Perlis R.H.a · Beasley Jr. C.M.b · Wines Jr. J.D.c, · Tamura R.N.b · Cusin C.a,1 · Shear D.a · Amsterdam J.d · Quitkin F.†e · Strong R.E.f, 1 · Rosenbaum J.F.a · Fava M.a
aDepression Clinical and Research Program, Massachusetts General Hospital and Harvard Medical School, Boston, Mass., bLilly Research Laboratories, Eli Lilly & Co., Indianapolis, Ind., cMcLean Hospital and Harvard Medical School, Belmont, Mass., dDepression Research Unit, University of Pennsylvania Medical Center, Philadelphia, Pa., eNew York State Psychiatric Institute, New York, N.Y., and fUniversity of Utah, Salt Lake City, Utah, USA Psychother Psychosom 2007;76:40–46 (DOI:10.1159/000096363)

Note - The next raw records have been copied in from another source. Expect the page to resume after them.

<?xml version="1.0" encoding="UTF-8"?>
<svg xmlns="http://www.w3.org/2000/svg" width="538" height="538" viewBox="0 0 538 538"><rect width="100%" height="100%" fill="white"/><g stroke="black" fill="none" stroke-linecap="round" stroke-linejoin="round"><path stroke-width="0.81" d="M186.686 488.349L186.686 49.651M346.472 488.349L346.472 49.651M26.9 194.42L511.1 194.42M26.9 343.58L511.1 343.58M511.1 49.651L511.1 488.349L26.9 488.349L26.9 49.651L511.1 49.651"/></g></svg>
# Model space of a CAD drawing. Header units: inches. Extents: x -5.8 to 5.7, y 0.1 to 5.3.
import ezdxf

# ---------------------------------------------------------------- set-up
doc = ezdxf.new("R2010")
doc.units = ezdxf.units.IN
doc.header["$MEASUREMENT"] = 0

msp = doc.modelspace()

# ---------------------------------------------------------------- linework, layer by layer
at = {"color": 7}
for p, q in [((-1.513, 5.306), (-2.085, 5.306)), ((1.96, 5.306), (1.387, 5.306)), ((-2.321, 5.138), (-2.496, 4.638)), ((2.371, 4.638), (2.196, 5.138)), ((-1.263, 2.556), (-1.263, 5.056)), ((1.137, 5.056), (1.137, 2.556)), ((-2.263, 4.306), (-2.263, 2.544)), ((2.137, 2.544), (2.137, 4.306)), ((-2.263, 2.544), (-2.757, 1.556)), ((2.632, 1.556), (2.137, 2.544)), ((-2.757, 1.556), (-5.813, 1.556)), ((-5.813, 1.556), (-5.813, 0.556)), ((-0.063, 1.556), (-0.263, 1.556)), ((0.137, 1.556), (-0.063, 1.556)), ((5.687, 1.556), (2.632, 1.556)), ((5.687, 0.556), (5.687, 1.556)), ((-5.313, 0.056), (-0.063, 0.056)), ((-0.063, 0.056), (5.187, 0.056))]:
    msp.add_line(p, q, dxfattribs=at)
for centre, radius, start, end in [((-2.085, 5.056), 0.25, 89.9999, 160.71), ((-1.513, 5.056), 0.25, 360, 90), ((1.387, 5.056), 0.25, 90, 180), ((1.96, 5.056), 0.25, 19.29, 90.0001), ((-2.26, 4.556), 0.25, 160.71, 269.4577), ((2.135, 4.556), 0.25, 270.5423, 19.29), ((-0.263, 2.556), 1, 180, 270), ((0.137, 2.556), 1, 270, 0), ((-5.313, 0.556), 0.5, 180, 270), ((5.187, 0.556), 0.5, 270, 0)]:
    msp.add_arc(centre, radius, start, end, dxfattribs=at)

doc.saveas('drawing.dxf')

Background: Some reports suggest that a subset of depressed patients may experience suicidality – that is increase or emergence of suicidal ideation (SI) or behavior – after initiation of an antidepressant. The time course and clinical correlates of this phenomenon have not been characterized in detail. Method: We conducted a secondary analysis of a multicenter, prospective, open, 12-week trial of fluoxetine 20 mg in outpatients with nonpsychotic major depressive episodes. Adverse effects and other clinical features associated with the emergence of suicidality, defined using item 3 of the Hamilton Depression Rating Scale, were examined using Cox regression models. Results: Among 414 subjects without SI at baseline, 59 (14.3%) reported SI on at least 1 postbaseline visit. In a Cox regression, emergence of activation and worsening of depression severity were independently associated with emergence of SI, along with female gender, younger age and having thoughts that life was not worth living prior to treatment. Treatment response and remission were significantly less likely among subjects who developed SI. Conclusions: New SI was relatively common in this trial of fluoxetine and associated with the emergence of activation and overall symptomatic worsening. Whether prophylaxis against or aggressive treatment of adverse events can decrease emergence of SI merits further study.